You could also sign up for The Overspill, a daily list of links with short extracts and brief commentary on things I find interesting in tech, science, medicine, politics and any other topic that takes my fancy.
• I’m the proposed Class Representative for a lawsuit against Google in the UK on behalf of publishers. If you sold open display ads in the UK after 2014, you might be a member of the class. Read more at Googleadclaim.co.uk. (Or see the press release.)
• Back next week! Or leave a comment here, or in the Substack chat, or Substack Notes, or write it in a letter and put it in a bottle so that The Police write a song about it after it falls through a wormhole and goes back in time.
We rewatched the London Olympics opening ceremony recently (I promise my kids were genuinely interested to see it and we didn't lock them in or anything). The bit where Sir Tim Berners Lee tweets "This is for everyone" really struck me because it just doesn't feel true at ALL anymore. Maybe it never was, but for a while there it really did feel that way. Now it just feels like its the playground for a group of men who would all absolutely give women ratings out of 10.
It's a little more complicated, there are failure-modes.
"You could have an algorithm which rewards people for being correct, by some sort of Community Notes-style approval system."

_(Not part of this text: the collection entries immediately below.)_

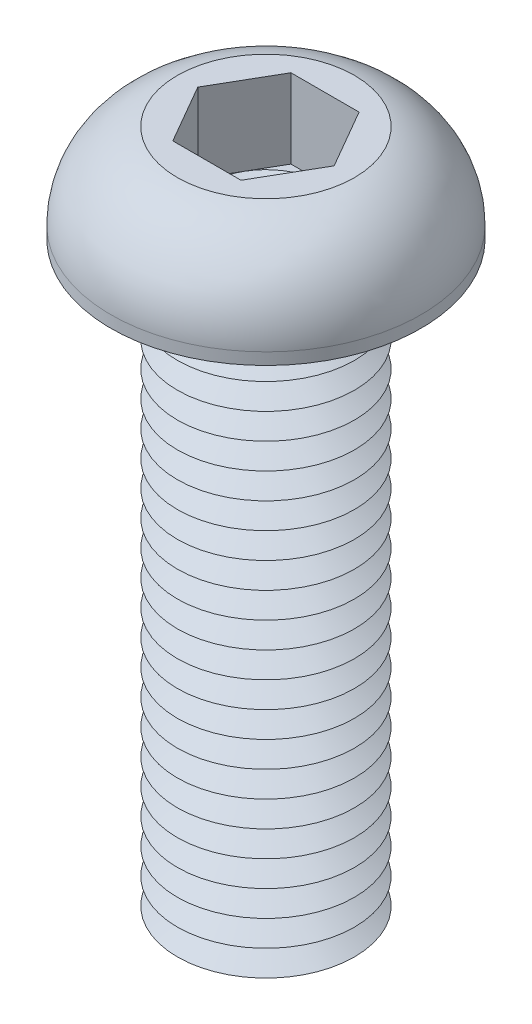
ISO-10303-21;
HEADER;
FILE_DESCRIPTION(('STEP AP214'),'2;1');
FILE_NAME('part.step','',(''),(''),'','','');
FILE_SCHEMA(('AUTOMOTIVE_DESIGN { 1 0 10303 214 1 1 1 1 }'));
ENDSEC;
DATA;
#1=APPLICATION_CONTEXT('core data for automotive mechanical design processes');
#2=APPLICATION_PROTOCOL_DEFINITION('international standard','automotive_design',2000,#1);
#3=PRODUCT_CONTEXT('',#1,'mechanical');
#4=PRODUCT('Part','Part','',(#3));
#5=PRODUCT_RELATED_PRODUCT_CATEGORY('part','',(#4));
#6=PRODUCT_DEFINITION_FORMATION('','',#4);
#7=PRODUCT_DEFINITION_CONTEXT('part definition',#1,'design');
#8=PRODUCT_DEFINITION('design','',#6,#7);
#9=PRODUCT_DEFINITION_SHAPE('','',#8);
#10=(LENGTH_UNIT() NAMED_UNIT(*) SI_UNIT(.MILLI.,.METRE.));
#11=(NAMED_UNIT(*) PLANE_ANGLE_UNIT() SI_UNIT($,.RADIAN.));
#12=(NAMED_UNIT(*) SI_UNIT($,.STERADIAN.) SOLID_ANGLE_UNIT());
#13=UNCERTAINTY_MEASURE_WITH_UNIT(LENGTH_MEASURE(1.E-05),#10,'distance_accuracy_value','');
#14=(GEOMETRIC_REPRESENTATION_CONTEXT(3) GLOBAL_UNCERTAINTY_ASSIGNED_CONTEXT((#13)) GLOBAL_UNIT_ASSIGNED_CONTEXT((#10,
#11,#12)) REPRESENTATION_CONTEXT('',''));
#15=CARTESIAN_POINT('',(0.,0.,0.));
#16=DIRECTION('',(0.,0.,1.));
#17=DIRECTION('',(1.,0.,0.));
#18=AXIS2_PLACEMENT_3D('',#15,#16,#17);
#19=CARTESIAN_POINT('',(0.,0.,0.));
#20=DIRECTION('',(0.,-1.,0.));
#21=DIRECTION('',(0.,0.,-1.));
#22=AXIS2_PLACEMENT_3D('',#19,#20,#21);
#23=TOROIDAL_SURFACE('',#22,6.875,0.875);
#24=CARTESIAN_POINT('',(0.,0.,-7.75));
#25=VERTEX_POINT('',#24);
#26=VERTEX_LOOP('',#25);
#27=FACE_BOUND('',#26,.T.);
#28=ADVANCED_FACE('P0_F12',(#27),#23,.T.);
#29=CLOSED_SHELL('',(#28));
#30=MANIFOLD_SOLID_BREP('P0_B1',#29);
#31=CARTESIAN_POINT('',(2.3094010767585,1.24,-4.));
#32=DIRECTION('',(0.,1.,0.));
#33=DIRECTION('',(0.,0.,1.));
#34=AXIS2_PLACEMENT_3D('',#31,#32,#33);
#35=PLANE('',#34);
#36=CARTESIAN_POINT('',(0.,1.24,0.));
#37=DIRECTION('',(0.,1.,0.));
#38=DIRECTION('',(0.,0.,1.));
#39=AXIS2_PLACEMENT_3D('',#36,#37,#38);
#40=CIRCLE('',#39,4.);
#41=CARTESIAN_POINT('',(0.,1.24,4.));
#42=VERTEX_POINT('',#41);
#43=CARTESIAN_POINT('',(3.46410161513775,1.24,2.));
#44=VERTEX_POINT('',#43);
#45=EDGE_CURVE('P1_E93',#42,#44,#40,.T.);
#46=ORIENTED_EDGE('',*,*,#45,.F.);
#47=DIRECTION('',(1.,0.,0.));
#48=VECTOR('',#47,1.);
#49=CARTESIAN_POINT('',(-2.3094010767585,1.24,4.));
#50=LINE('',#49,#48);
#51=CARTESIAN_POINT('',(2.3094010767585,1.24,4.));
#52=VERTEX_POINT('',#51);
#53=EDGE_CURVE('P1_E116',#42,#52,#50,.T.);
#54=ORIENTED_EDGE('',*,*,#53,.T.);
#55=DIRECTION('',(0.5,0.,-0.866025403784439));
#56=VECTOR('',#55,1.);
#57=CARTESIAN_POINT('',(2.3094010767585,1.24,4.));
#58=LINE('',#57,#56);
#59=EDGE_CURVE('P1_E112',#52,#44,#58,.T.);
#60=ORIENTED_EDGE('',*,*,#59,.T.);
#61=EDGE_LOOP('',(#46,#54,#60));
#62=FACE_BOUND('',#61,.T.);
#63=ADVANCED_FACE('P1_F15',(#62),#35,.T.);
#64=CARTESIAN_POINT('',(0.,1.24,0.));
#65=DIRECTION('',(0.,1.,0.));
#66=DIRECTION('',(0.,0.,1.));
#67=AXIS2_PLACEMENT_3D('',#64,#65,#66);
#68=CIRCLE('',#67,4.);
#69=CARTESIAN_POINT('',(3.46410161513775,1.24,-2.));
#70=VERTEX_POINT('',#69);
#71=EDGE_CURVE('P1_E10',#44,#70,#68,.T.);
#72=ORIENTED_EDGE('',*,*,#71,.F.);
#73=CARTESIAN_POINT('',(4.61880215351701,1.24,0.));
#74=VERTEX_POINT('',#73);
#75=EDGE_CURVE('P1_E104',#44,#74,#58,.T.);
#76=ORIENTED_EDGE('',*,*,#75,.T.);
#77=DIRECTION('',(-0.5,0.,-0.866025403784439));
#78=VECTOR('',#77,1.);
#79=CARTESIAN_POINT('',(4.61880215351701,1.24,0.));
#80=LINE('',#79,#78);
#81=EDGE_CURVE('P1_E107',#74,#70,#80,.T.);
#82=ORIENTED_EDGE('',*,*,#81,.T.);
#83=EDGE_LOOP('',(#72,#76,#82));
#84=FACE_BOUND('',#83,.T.);
#85=ADVANCED_FACE('P1_F103',(#84),#35,.T.);
#86=CARTESIAN_POINT('',(0.,1.24,-4.));
#87=VERTEX_POINT('',#86);
#88=EDGE_CURVE('P1_E24',#70,#87,#68,.T.);
#89=ORIENTED_EDGE('',*,*,#88,.F.);
#90=CARTESIAN_POINT('',(2.3094010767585,1.24,-4.));
#91=VERTEX_POINT('',#90);
#92=EDGE_CURVE('P1_E139',#70,#91,#80,.T.);
#93=ORIENTED_EDGE('',*,*,#92,.T.);
#94=DIRECTION('',(-1.,0.,0.));
#95=VECTOR('',#94,1.);
#96=CARTESIAN_POINT('',(2.3094010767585,1.24,-4.));
#97=LINE('',#96,#95);
#98=EDGE_CURVE('P1_E354',#91,#87,#97,.T.);
#99=ORIENTED_EDGE('',*,*,#98,.T.);
#100=EDGE_LOOP('',(#89,#93,#99));
#101=FACE_BOUND('',#100,.T.);
#102=ADVANCED_FACE('P1_F319',(#101),#35,.T.);
#103=CARTESIAN_POINT('',(-3.46410161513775,1.24,-2.));
#104=VERTEX_POINT('',#103);
#105=EDGE_CURVE('P1_E349',#87,#104,#68,.T.);
#106=ORIENTED_EDGE('',*,*,#105,.F.);
#107=CARTESIAN_POINT('',(-2.3094010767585,1.24,-4.));
#108=VERTEX_POINT('',#107);
#109=EDGE_CURVE('P1_E358',#87,#108,#97,.T.);
#110=ORIENTED_EDGE('',*,*,#109,.T.);
#111=DIRECTION('',(-0.5,0.,0.866025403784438));
#112=VECTOR('',#111,1.);
#113=CARTESIAN_POINT('',(-2.3094010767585,1.24,-4.));
#114=LINE('',#113,#112);
#115=EDGE_CURVE('P1_E353',#108,#104,#114,.T.);
#116=ORIENTED_EDGE('',*,*,#115,.T.);
#117=EDGE_LOOP('',(#106,#110,#116));
#118=FACE_BOUND('',#117,.T.);
#119=ADVANCED_FACE('P1_F333',(#118),#35,.T.);
#120=CARTESIAN_POINT('',(-3.46410161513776,1.24,2.));
#121=VERTEX_POINT('',#120);
#122=EDGE_CURVE('P1_E31',#104,#121,#68,.T.);
#123=ORIENTED_EDGE('',*,*,#122,.F.);
#124=CARTESIAN_POINT('',(-4.61880215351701,1.24,0.));
#125=VERTEX_POINT('',#124);
#126=EDGE_CURVE('P1_E345',#104,#125,#114,.T.);
#127=ORIENTED_EDGE('',*,*,#126,.T.);
#128=DIRECTION('',(0.5,0.,0.866025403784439));
#129=VECTOR('',#128,1.);
#130=CARTESIAN_POINT('',(-4.61880215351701,1.24,0.));
#131=LINE('',#130,#129);
#132=EDGE_CURVE('P1_E348',#125,#121,#131,.T.);
#133=ORIENTED_EDGE('',*,*,#132,.T.);
#134=EDGE_LOOP('',(#123,#127,#133));
#135=FACE_BOUND('',#134,.T.);
#136=ADVANCED_FACE('P1_F324',(#135),#35,.T.);
#137=CARTESIAN_POINT('',(0.,-38.25,0.));
#138=DIRECTION('',(0.,1.,0.));
#139=DIRECTION('',(0.,0.,1.));
#140=AXIS2_PLACEMENT_3D('',#137,#138,#139);
#141=CONICAL_SURFACE('',#140,4.48445554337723,1.0471975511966);
#142=CARTESIAN_POINT('',(0.,-37.375,0.));
#143=DIRECTION('',(0.,-1.,0.));
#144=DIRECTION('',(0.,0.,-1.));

One problem here is that "correct" and "popular" aren't identical. Community Notes is currently functional because it's shooting down "extremist" content. Which is laudable, as far as it goes. But extending that idea too much leads to the problem that unpopular but true things get "downvoted" (I know, everyone claims this, but it's still a problem).
"You could have one which boosts them by their external reputation if their posts are about a topic they know about."
How do you programmatically determine that external reputation and topic expertise? And do you really want to extra-boost e.g. Alan D*rshowitz? Remember, celebrity [lawyers, pundits, even scientists] have the largest public reputation. And one often gets to be such a TEDtalker by not letting facts get in the way of a good story.
Hasn't this given us the dreaded - boo, hiss, spit, choke - *techbro*? People who have big reputations because they got rich and that's taken to mean they know about society in general? (instead of course working their way up the ranks of the chattering class, which is often regarded as the true measure of who deserves listening to).
"You could do all sorts of things."
Indeed, but some of it is not so evident. And all of it costs money.